We hypothesized that phytochemicals could regulate epigenetic modifications and metabolism by targeting antioxidative, anti-inflammatory, and immune-modulatory pathways such as Nrf2-ARE, Tumor necrosis factor receptor 2 (TNFR2), and macrophage stimulating protein (MSP)-recepteur d'origine nantais (RON) pathways in non-melanoma skin cancer. The hypothesis was examined in vitro and in vivo skin carcinogenesis models induced by chemicals and UVB irradiation. The DNA methylation regulated by epigenetic modifiers was studied in promoters of pathways of interest as well as at a genome-wide scale. The metabolites and metabolic pathways and their interactions with epigenetic regulation were profiled.

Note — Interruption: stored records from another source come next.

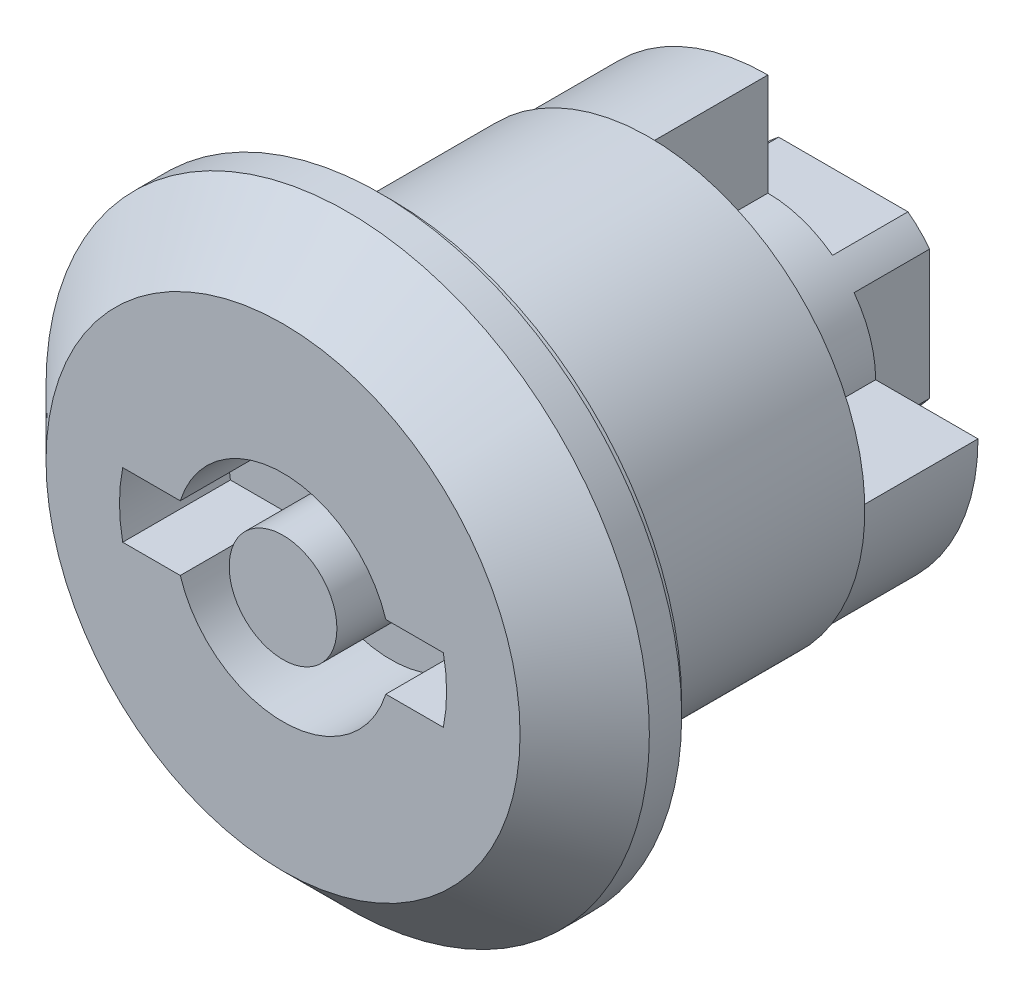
ISO-10303-21;
HEADER;
FILE_DESCRIPTION(('STEP AP214'),'2;1');
FILE_NAME('part.step','',(''),(''),'','','');
FILE_SCHEMA(('AUTOMOTIVE_DESIGN { 1 0 10303 214 1 1 1 1 }'));
ENDSEC;
DATA;
#1=APPLICATION_CONTEXT('core data for automotive mechanical design processes');
#2=APPLICATION_PROTOCOL_DEFINITION('international standard','automotive_design',2000,#1);
#3=PRODUCT_CONTEXT('',#1,'mechanical');
#4=PRODUCT('Part','Part','',(#3));
#5=PRODUCT_RELATED_PRODUCT_CATEGORY('part','',(#4));
#6=PRODUCT_DEFINITION_FORMATION('','',#4);
#7=PRODUCT_DEFINITION_CONTEXT('part definition',#1,'design');
#8=PRODUCT_DEFINITION('design','',#6,#7);
#9=PRODUCT_DEFINITION_SHAPE('','',#8);
#10=(LENGTH_UNIT() NAMED_UNIT(*) SI_UNIT(.MILLI.,.METRE.));
#11=(NAMED_UNIT(*) PLANE_ANGLE_UNIT() SI_UNIT($,.RADIAN.));
#12=(NAMED_UNIT(*) SI_UNIT($,.STERADIAN.) SOLID_ANGLE_UNIT());
#13=UNCERTAINTY_MEASURE_WITH_UNIT(LENGTH_MEASURE(1.E-05),#10,'distance_accuracy_value','');
#14=(GEOMETRIC_REPRESENTATION_CONTEXT(3) GLOBAL_UNCERTAINTY_ASSIGNED_CONTEXT((#13)) GLOBAL_UNIT_ASSIGNED_CONTEXT((#10,
#11,#12)) REPRESENTATION_CONTEXT('',''));
#15=CARTESIAN_POINT('',(0.,0.,0.));
#16=DIRECTION('',(0.,0.,1.));
#17=DIRECTION('',(1.,0.,0.));
#18=AXIS2_PLACEMENT_3D('',#15,#16,#17);
#19=CARTESIAN_POINT('',(0.,0.,-50.));
#20=DIRECTION('',(0.,0.,-1.));
#21=DIRECTION('',(-1.,0.,0.));
#22=AXIS2_PLACEMENT_3D('',#19,#20,#21);
#23=CYLINDRICAL_SURFACE('',#22,5.);
#24=CARTESIAN_POINT('',(0.,0.,-17.5));
#25=DIRECTION('',(0.,0.,-1.));
#26=DIRECTION('',(-1.,0.,0.));
#27=AXIS2_PLACEMENT_3D('',#24,#25,#26);
#28=CIRCLE('',#27,5.);
#29=CARTESIAN_POINT('',(-4.,3.,-17.5));
#30=VERTEX_POINT('',#29);
#31=CARTESIAN_POINT('',(-3.,4.,-17.5));
#32=VERTEX_POINT('',#31);
#33=EDGE_CURVE('E271',#30,#32,#28,.T.);
#34=ORIENTED_EDGE('',*,*,#33,.T.);
#35=DIRECTION('',(0.,0.,-1.));
#36=VECTOR('',#35,1.);
#37=CARTESIAN_POINT('',(-3.,4.,-11.4172374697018));
#38=LINE('',#37,#36);
#39=CARTESIAN_POINT('',(-3.,4.,-21.));
#40=VERTEX_POINT('',#39);
#41=EDGE_CURVE('E291',#32,#40,#38,.T.);
#42=ORIENTED_EDGE('',*,*,#41,.T.);
#43=CARTESIAN_POINT('',(0.,0.,-21.));
#44=DIRECTION('',(0.,0.,-1.));
#45=DIRECTION('',(-1.,0.,0.));
#46=AXIS2_PLACEMENT_3D('',#43,#44,#45);
#47=CIRCLE('',#46,5.);
#48=CARTESIAN_POINT('',(-4.,3.,-21.));
#49=VERTEX_POINT('',#48);
#50=EDGE_CURVE('E275',#49,#40,#47,.T.);
#51=ORIENTED_EDGE('',*,*,#50,.F.);
#52=DIRECTION('',(0.,0.,-1.));
#53=VECTOR('',#52,1.);
#54=CARTESIAN_POINT('',(-4.,3.,-11.4172374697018));
#55=LINE('',#54,#53);
#56=EDGE_CURVE('E288',#30,#49,#55,.T.);
#57=ORIENTED_EDGE('',*,*,#56,.F.);
#58=EDGE_LOOP('',(#34,#42,#51,#57));
#59=FACE_BOUND('',#58,.T.);
#60=ADVANCED_FACE('F14',(#59),#23,.T.);
#61=DIRECTION('',(0.,0.,-1.));
#62=VECTOR('',#61,1.);
#63=CARTESIAN_POINT('',(-3.,-4.,-11.4172374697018));
#64=LINE('',#63,#62);
#65=CARTESIAN_POINT('',(-3.,-4.,-17.5));
#66=VERTEX_POINT('',#65);
#67=CARTESIAN_POINT('',(-3.,-4.,-21.));
#68=VERTEX_POINT('',#67);
#69=EDGE_CURVE('E262',#66,#68,#64,.T.);
#70=ORIENTED_EDGE('',*,*,#69,.F.);
#71=CARTESIAN_POINT('',(-4.,-3.,-17.5));
#72=VERTEX_POINT('',#71);
#73=EDGE_CURVE('E276',#66,#72,#28,.T.);
#74=ORIENTED_EDGE('',*,*,#73,.T.);
#75=DIRECTION('',(0.,0.,-1.));
#76=VECTOR('',#75,1.);
#77=CARTESIAN_POINT('',(-4.,-3.,-11.4172374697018));
#78=LINE('',#77,#76);
#79=CARTESIAN_POINT('',(-4.,-3.,-21.));
#80=VERTEX_POINT('',#79);
#81=EDGE_CURVE('E309',#72,#80,#78,.T.);
#82=ORIENTED_EDGE('',*,*,#81,.T.);
#83=EDGE_CURVE('E272',#68,#80,#47,.T.);
#84=ORIENTED_EDGE('',*,*,#83,.F.);
#85=EDGE_LOOP('',(#70,#74,#82,#84));
#86=FACE_BOUND('',#85,.T.);
#87=ADVANCED_FACE('F220',(#86),#23,.T.);
#88=DIRECTION('',(0.,0.,-1.));
#89=VECTOR('',#88,1.);
#90=CARTESIAN_POINT('',(3.,-4.,-11.4172374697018));
#91=LINE('',#90,#89);
#92=CARTESIAN_POINT('',(3.,-4.,-17.5));
#93=VERTEX_POINT('',#92);
#94=CARTESIAN_POINT('',(3.,-4.,-21.));
#95=VERTEX_POINT('',#94);
#96=EDGE_CURVE('E254',#93,#95,#91,.T.);
#97=ORIENTED_EDGE('',*,*,#96,.T.);
#98=CARTESIAN_POINT('',(4.,-3.,-21.));
#99=VERTEX_POINT('',#98);
#100=EDGE_CURVE('E257',#99,#95,#47,.T.);
#101=ORIENTED_EDGE('',*,*,#100,.F.);
#102=DIRECTION('',(0.,0.,-1.));
#103=VECTOR('',#102,1.);
#104=CARTESIAN_POINT('',(4.,-3.,-11.4172374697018));
#105=LINE('',#104,#103);
#106=CARTESIAN_POINT('',(4.,-3.,-17.5));
#107=VERTEX_POINT('',#106);
#108=EDGE_CURVE('E313',#107,#99,#105,.T.);
#109=ORIENTED_EDGE('',*,*,#108,.F.);
#110=EDGE_CURVE('E259',#107,#93,#28,.T.);
#111=ORIENTED_EDGE('',*,*,#110,.T.);
#112=EDGE_LOOP('',(#97,#101,#109,#111));
#113=FACE_BOUND('',#112,.T.);
#114=ADVANCED_FACE('F228',(#113),#23,.T.);
#115=CARTESIAN_POINT('',(0.,5.,-21.));
#116=DIRECTION('',(0.,0.,1.));
#117=DIRECTION('',(1.,0.,0.));
#118=AXIS2_PLACEMENT_3D('',#115,#116,#117);
#119=PLANE('',#118);
#120=CARTESIAN_POINT('',(0.,0.,-21.));
#121=DIRECTION('',(0.,0.,-1.));
#122=DIRECTION('',(-1.,0.,0.));
#123=AXIS2_PLACEMENT_3D('',#120,#121,#122);
#124=CIRCLE('',#123,3.);
#125=CARTESIAN_POINT('',(-3.,0.,-21.));
#126=VERTEX_POINT('',#125);
#127=EDGE_CURVE('E441',#126,#126,#124,.T.);
#128=ORIENTED_EDGE('',*,*,#127,.F.);
#129=EDGE_LOOP('',(#128));
#130=FACE_BOUND('',#129,.T.);
#131=ORIENTED_EDGE('',*,*,#50,.T.);
#132=DIRECTION('',(-1.,0.,0.));
#133=VECTOR('',#132,1.);
#134=CARTESIAN_POINT('',(3.,4.,-21.));
#135=LINE('',#134,#133);
#136=CARTESIAN_POINT('',(3.,4.,-21.));
#137=VERTEX_POINT('',#136);
#138=EDGE_CURVE('E283',#137,#40,#135,.T.);
#139=ORIENTED_EDGE('',*,*,#138,.F.);
#140=CARTESIAN_POINT('',(4.,3.,-21.));
#141=VERTEX_POINT('',#140);
#142=EDGE_CURVE('E274',#137,#141,#47,.T.);
#143=ORIENTED_EDGE('',*,*,#142,.T.);
#144=DIRECTION('',(0.,-1.,0.));
#145=VECTOR('',#144,1.);
#146=CARTESIAN_POINT('',(4.,3.,-21.));
#147=LINE('',#146,#145);
#148=EDGE_CURVE('E270',#141,#99,#147,.T.);
#149=ORIENTED_EDGE('',*,*,#148,.T.);
#150=ORIENTED_EDGE('',*,*,#100,.T.);
#151=DIRECTION('',(-1.,0.,0.));
#152=VECTOR('',#151,1.);
#153=CARTESIAN_POINT('',(3.,-4.,-21.));
#154=LINE('',#153,#152);
#155=EDGE_CURVE('E261',#95,#68,#154,.T.);
#156=ORIENTED_EDGE('',*,*,#155,.T.);
#157=ORIENTED_EDGE('',*,*,#83,.T.);
#158=DIRECTION('',(0.,-1.,0.));
#159=VECTOR('',#158,1.);
#160=CARTESIAN_POINT('',(-4.,3.,-21.));
#161=LINE('',#160,#159);
#162=EDGE_CURVE('E285',#49,#80,#161,.T.);
#163=ORIENTED_EDGE('',*,*,#162,.F.);
#164=EDGE_LOOP('',(#131,#139,#143,#149,#150,#156,#157,#163));
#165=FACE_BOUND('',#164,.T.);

In the first chapter, we established a 12-O-tetradecanoylphorbol- 13-acetate (TPA)- induced neoplastic cell transformation in mouse epidermal JB6 P+ cells. Then, we discussed the effect and epigenetic mechanism of delphinidin, one of the most potent and abundant anthocyanidins in berries. 5 to 20 μM of delphinidin pretreatment significantly inhibited the TPA-induced anchorage-independent growth. The effect of delphinidin on the Nrf2-ARE defense mechanism was validated based on observations of enhanced ARE-driven luciferase activity and increased mRNA and protein expression of Nrf2 downstream genes, such as heme oxygenase-1 (Ho-1). Activation of the Nrf2-ARE signaling was correlated with hypomethylation of 15 CpG sites in the mouse Nrf2 promoter region between −1226 and −863 from the transcription start site. Suppression in the protein expression of DNA methyltransferases 1 (DNMT1), DNMT3a, and class I/II histone deacetylases (HDACs) is potentially linked to the reduced CpG methylation ratio in the Nrf2 promoter. Overall, the results suggest that delphinidin, an epigenetic demethylating agent of the Nrf2 promoter, can enhance the Nrf2-ARE pathway as a potential skin cancer prevention agent.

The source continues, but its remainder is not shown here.